Clarification des compétences : quel bilan des lois de décentralisation, quelles perspectives ?
Publié le 11 février 2026Je vous prie d’excuser l’absence de ma collègue, Émeline K/Bidi, retenue en circonscription, dont je lirai l’intervention.
Si, depuis plus de quarante ans, les actes successifs de décentralisation ont profondément transformé l’organisation territoriale de la République, un constat – bien connu et largement partagé – a émergé des auditions conduites en amont de cette séance thématique de contrôle : la clarification des compétences demeure inachevée et l’action publique locale reste trop souvent illisible pour nos concitoyens. Les élus locaux attendent moins de nouveaux transferts de compétences qu’un réalignement des compétences existantes, des responsabilités et des moyens afin de rendre l’action publique plus claire, plus efficace et plus compréhensible.
Ils sont confrontés à trois défis : l’identification des responsables des politiques publiques locales, une relation dégradée avec l’État et des enjeux financiers entraînant des conséquences sur le processus de décentralisation.
Le premier enjeu est d’identifier qui fait quoi. Les associations d’élus décrivent la difficulté persistante qu’éprouvent les habitants pour reconnaître l’interlocuteur responsable, notamment dans le domaine des politiques transversales du logement et des mobilités. Cette difficulté d’identification est particulièrement prégnante dans nos territoires ultramarins. Elle appelle une clarification : il faut que, pour chaque politique publique, l’échelon décisionnaire soit plus identifiable et qu’il dispose de l’ensemble des leviers réglementaires, humains et financiers nécessaires à son action.
Une deuxième attente forte des élus locaux est la simplification de la relation entre l’État et les collectivités, notamment sur le terrain normatif. La clarification des compétences ne produira d’effets durables qu’à la condition d’être accompagnée d’une simplification des normes. Les élus ne décrivent pas uniquement un problème de répartition des compétences mais aussi – et peut-être surtout – une accumulation de normes, procédures, schémas, comités et guichets – y compris dans les politiques décentralisées –, accumulation qui ralentit l’action publique et contribue à dégrader les relations entre l’État et les collectivités.
Pour répondre à cette difficulté, on peut envisager une meilleure association des collectivités à l’élaboration de la norme et à l’évaluation de ses effets, en particulier lorsqu’elle emporte des conséquences sur leurs budgets.
On peut aussi renforcer les dispositifs de chef de file, qui, utiles en théorie, sont trop souvent insuffisants en pratique, faute de portée réelle ou de capacité à prévenir les doublons.
On peut, enfin, renforcer le rôle du préfet afin d’en faire l’interlocuteur principal, voire unique, des collectivités dans le département. Cela permettrait d’éviter les doublons et les réponses contradictoires qui, émises par des administrations ou des services différents, découragent nos élus locaux. Les élus ne demandent pas moins d’État, mais un État plus lisible et plus efficace. En d’autres termes, pour paraphraser le rapport déposé il y a deux ans par Éric Woerth, ils souhaitent un « État territorial » capable tout à la fois d’accompagner l’action publique locale, de les soutenir et de les aider.
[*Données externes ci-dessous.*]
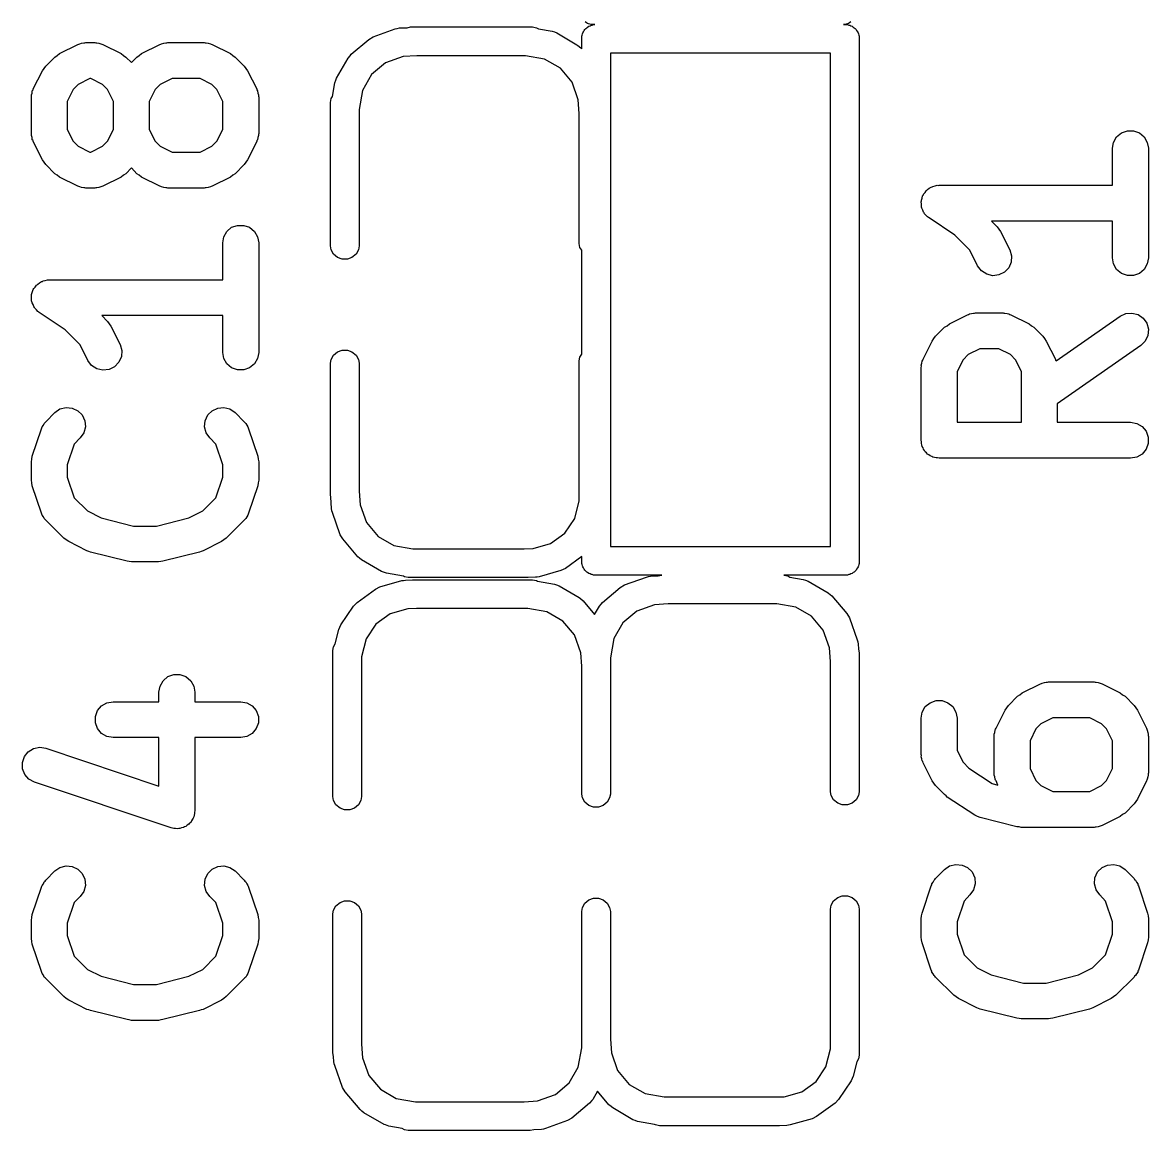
# Model space of a CAD drawing. Extents: x 553.3 to 630.8, y 408.7 to 458.1.
# Drawn here: x 575.331 to 580.037, y 417.546 to 422.174 of the extents above; entities that cross this region are included whole.
import ezdxf

# ---------------------------------------------------------------- set-up
doc = ezdxf.new("R2010")
doc.units = 0
doc.header["$MEASUREMENT"] = 0
doc.layers.add('BLACK', color=7, linetype='CONTINUOUS')

msp = doc.modelspace()

# ---------------------------------------------------------------- linework, layer by layer
at = {"layer": 'BLACK', "linetype": 'CONTINUOUS'}
for p, q in [((577.688, 422.173), (577.683, 422.177)), ((578.793, 422.177), (578.788, 422.173)), ((576.797, 422.115), (576.889, 422.148)), ((576.889, 422.148), (576.897, 422.15)), ((576.897, 422.15), (576.906, 422.152)), ((576.906, 422.152), (576.938, 422.153)), ((576.938, 422.153), (576.953, 422.156)), ((576.953, 422.156), (577.463, 422.156)), ((577.463, 422.156), (577.479, 422.153)), ((577.479, 422.153), (577.488, 422.148)), ((577.488, 422.148), (577.544, 422.138)), ((577.544, 422.138), (577.544, 422.138)), ((577.544, 422.138), (577.554, 422.135)), ((577.554, 422.135), (577.564, 422.131)), ((577.564, 422.131), (577.564, 422.131)), ((577.564, 422.131), (577.648, 422.082)), ((577.671, 422.127), (577.673, 422.131)), ((577.673, 422.131), (577.675, 422.136)), ((577.675, 422.136), (577.679, 422.141)), ((577.679, 422.141), (577.681, 422.145)), ((577.681, 422.145), (577.685, 422.149)), ((577.685, 422.149), (577.689, 422.153)), ((577.693, 422.171), (577.688, 422.173)), ((577.689, 422.153), (577.693, 422.155)), ((577.697, 422.169), (577.693, 422.171)), ((577.693, 422.155), (577.698, 422.159)), ((577.702, 422.168), (577.697, 422.169)), ((577.698, 422.159), (577.703, 422.161)), ((577.707, 422.166), (577.702, 422.168)), ((577.703, 422.161), (577.707, 422.163)), ((577.713, 422.166), (577.707, 422.166)), ((577.707, 422.163), (577.712, 422.164)), ((577.712, 422.164), (577.717, 422.166)), ((577.723, 422.166), (577.713, 422.166)), ((577.713, 422.166), (577.713, 422.166)), ((577.717, 422.166), (577.723, 422.166)), ((577.723, 422.166), (577.723, 422.166)), ((578.769, 422.166), (578.763, 422.166)), ((578.763, 422.166), (578.763, 422.166)), ((578.763, 422.166), (578.773, 422.166)), ((578.774, 422.168), (578.769, 422.166)), ((578.773, 422.166), (578.773, 422.166)), ((578.773, 422.166), (578.779, 422.166)), ((578.779, 422.169), (578.774, 422.168)), ((578.783, 422.171), (578.779, 422.169)), ((578.779, 422.166), (578.784, 422.164)), ((578.788, 422.173), (578.783, 422.171)), ((578.784, 422.164), (578.789, 422.163)), ((578.789, 422.163), (578.793, 422.161)), ((578.793, 422.161), (578.798, 422.159)), ((578.798, 422.159), (578.803, 422.155)), ((578.803, 422.155), (578.807, 422.153)), ((578.807, 422.153), (578.811, 422.149)), ((578.811, 422.149), (578.815, 422.145)), ((578.815, 422.145), (578.817, 422.141)), ((578.817, 422.141), (578.821, 422.136)), ((578.821, 422.136), (578.823, 422.131)), ((578.823, 422.131), (578.825, 422.127)), ((575.486, 422.045), (575.562, 422.083)), ((575.562, 422.083), (575.566, 422.084)), ((575.566, 422.084), (575.57, 422.086)), ((575.57, 422.086), (575.578, 422.088)), ((575.578, 422.088), (575.587, 422.09)), ((575.587, 422.09), (575.591, 422.09)), ((575.591, 422.09), (575.595, 422.091)), ((575.595, 422.091), (575.633, 422.091)), ((575.633, 422.091), (575.638, 422.09)), ((575.638, 422.09), (575.642, 422.09)), ((575.642, 422.09), (575.65, 422.088)), ((575.65, 422.088), (575.659, 422.086)), ((575.659, 422.086), (575.663, 422.084)), ((575.663, 422.084), (575.667, 422.083)), ((575.667, 422.083), (575.743, 422.045)), ((575.828, 422.045), (575.905, 422.083)), ((575.905, 422.083), (575.909, 422.084)), ((575.909, 422.084), (575.912, 422.086)), ((575.912, 422.086), (575.921, 422.088)), ((575.921, 422.088), (575.93, 422.09)), ((575.93, 422.09), (575.934, 422.09)), ((575.934, 422.09), (575.938, 422.091)), ((575.938, 422.091), (576.09, 422.091)), ((576.09, 422.091), (576.095, 422.09)), ((576.095, 422.09), (576.099, 422.09)), ((576.099, 422.09), (576.107, 422.088)), ((576.107, 422.088), (576.116, 422.086)), ((576.116, 422.086), (576.12, 422.084)), ((576.12, 422.084), (576.124, 422.083)), ((576.124, 422.083), (576.2, 422.045)), ((576.705, 422.042), (576.779, 422.104)), ((576.779, 422.104), (576.797, 422.115)), ((576.797, 422.115), (576.797, 422.115)), ((577.648, 422.082), (577.648, 422.082)), ((577.648, 422.082), (577.652, 422.079)), ((577.668, 422.117), (577.67, 422.122)), ((577.668, 422.064), (577.668, 422.117)), ((577.67, 422.122), (577.671, 422.127)), ((578.825, 422.127), (578.826, 422.122)), ((578.826, 422.122), (578.828, 422.117)), ((578.828, 422.117), (578.828, 422.111)), ((578.828, 422.111), (578.828, 422.111)), ((578.828, 422.111), (578.828, 419.921)), ((575.466, 422.03), (575.476, 422.037)), ((575.476, 422.037), (575.486, 422.045)), ((575.743, 422.045), (575.753, 422.037)), ((575.753, 422.037), (575.763, 422.03)), ((575.809, 422.03), (575.819, 422.037)), ((575.819, 422.037), (575.828, 422.045)), ((576.2, 422.045), (576.21, 422.037)), ((576.21, 422.037), (576.22, 422.03)), ((576.692, 422.026), (576.7, 422.036)), ((576.7, 422.036), (576.705, 422.042)), ((576.705, 422.042), (576.705, 422.042)), ((576.979, 422.036), (576.922, 422.032)), ((576.981, 422.036), (576.979, 422.036)), ((577.433, 422.036), (576.981, 422.036)), ((577.513, 422.022), (577.433, 422.036)), ((577.652, 422.079), (577.664, 422.069)), ((577.664, 422.069), (577.664, 422.069)), ((577.664, 422.069), (577.668, 422.064)), ((578.708, 422.046), (577.788, 422.046)), ((577.788, 422.046), (577.788, 419.986)), ((578.708, 421.271), (578.708, 422.046)), ((575.421, 421.983), (575.428, 421.992)), ((575.428, 421.992), (575.466, 422.03)), ((575.763, 422.03), (575.786, 422.007)), ((575.786, 422.007), (575.809, 422.03)), ((576.22, 422.03), (576.258, 421.992)), ((576.258, 421.992), (576.265, 421.983)), ((576.643, 421.942), (576.692, 422.026)), ((576.692, 422.026), (576.692, 422.026)), ((576.848, 422.006), (576.79, 421.957)), ((576.922, 422.032), (576.848, 422.006)), ((577.579, 421.984), (577.513, 422.022)), ((575.376, 421.897), (575.414, 421.973)), ((575.414, 421.973), (575.421, 421.983)), ((575.613, 421.941), (575.563, 421.916)), ((575.616, 421.941), (575.613, 421.941)), ((575.665, 421.916), (575.616, 421.941)), ((575.956, 421.941), (575.906, 421.916)), ((576.073, 421.941), (575.956, 421.941)), ((576.122, 421.916), (576.073, 421.941)), ((576.265, 421.983), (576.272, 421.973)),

Enfin, le troisième enjeu est celui des moyens financiers des collectivités. Les auditions réalisées par les rapporteurs convergent sur un point essentiel : clarifier les compétences n’a de sens qu’à la condition de clarifier parallèlement les ressources nécessaires à leur exercice. La plupart des élus regrettent l’évolution récente de la fiscalité locale. La diminution d’impôts à la main des collectivités et leur remplacement par des compensations ou par des fractions d’impôts nationaux fluctuants sont perçus comme une fragilisation de leur autonomie et un affaiblissement du lien entre les contribuables et les collectivités. Celles-ci s’inquiètent de se voir progressivement cantonnées à un rôle d’opérateur chargé d’appliquer des politiques publiques, avec des marges de manœuvre insuffisantes et dans un cadre financier trop dépendant de la conjoncture économique.
Plusieurs pistes ont été évoquées lors des échanges. Pour les élus, le point clé concerne non les instruments mais la méthode : si le futur acte de décentralisation doit porter principalement sur l’organisation des compétences, les élus attendent un débat financier, consubstantiel à toute politique de décentralisation. Ce débat ne doit pas conduire à mettre la poussière sous le tapis mais à dégager des pistes de réforme pour renforcer la décentralisation sur le terrain, grâce à des moyens financiers suffisants laissés à la main des collectivités.
Je formule le souhait que les futurs textes de décentralisation annoncés en octobre par le premier ministre prennent en compte l’ensemble de ces enjeux. Je souhaite surtout qu’ils soient préparés en étroite collaboration avec les collectivités, car seul un travail commun entre l’État et les élus locaux permettrait le succès d’un nouvel acte de décentralisation.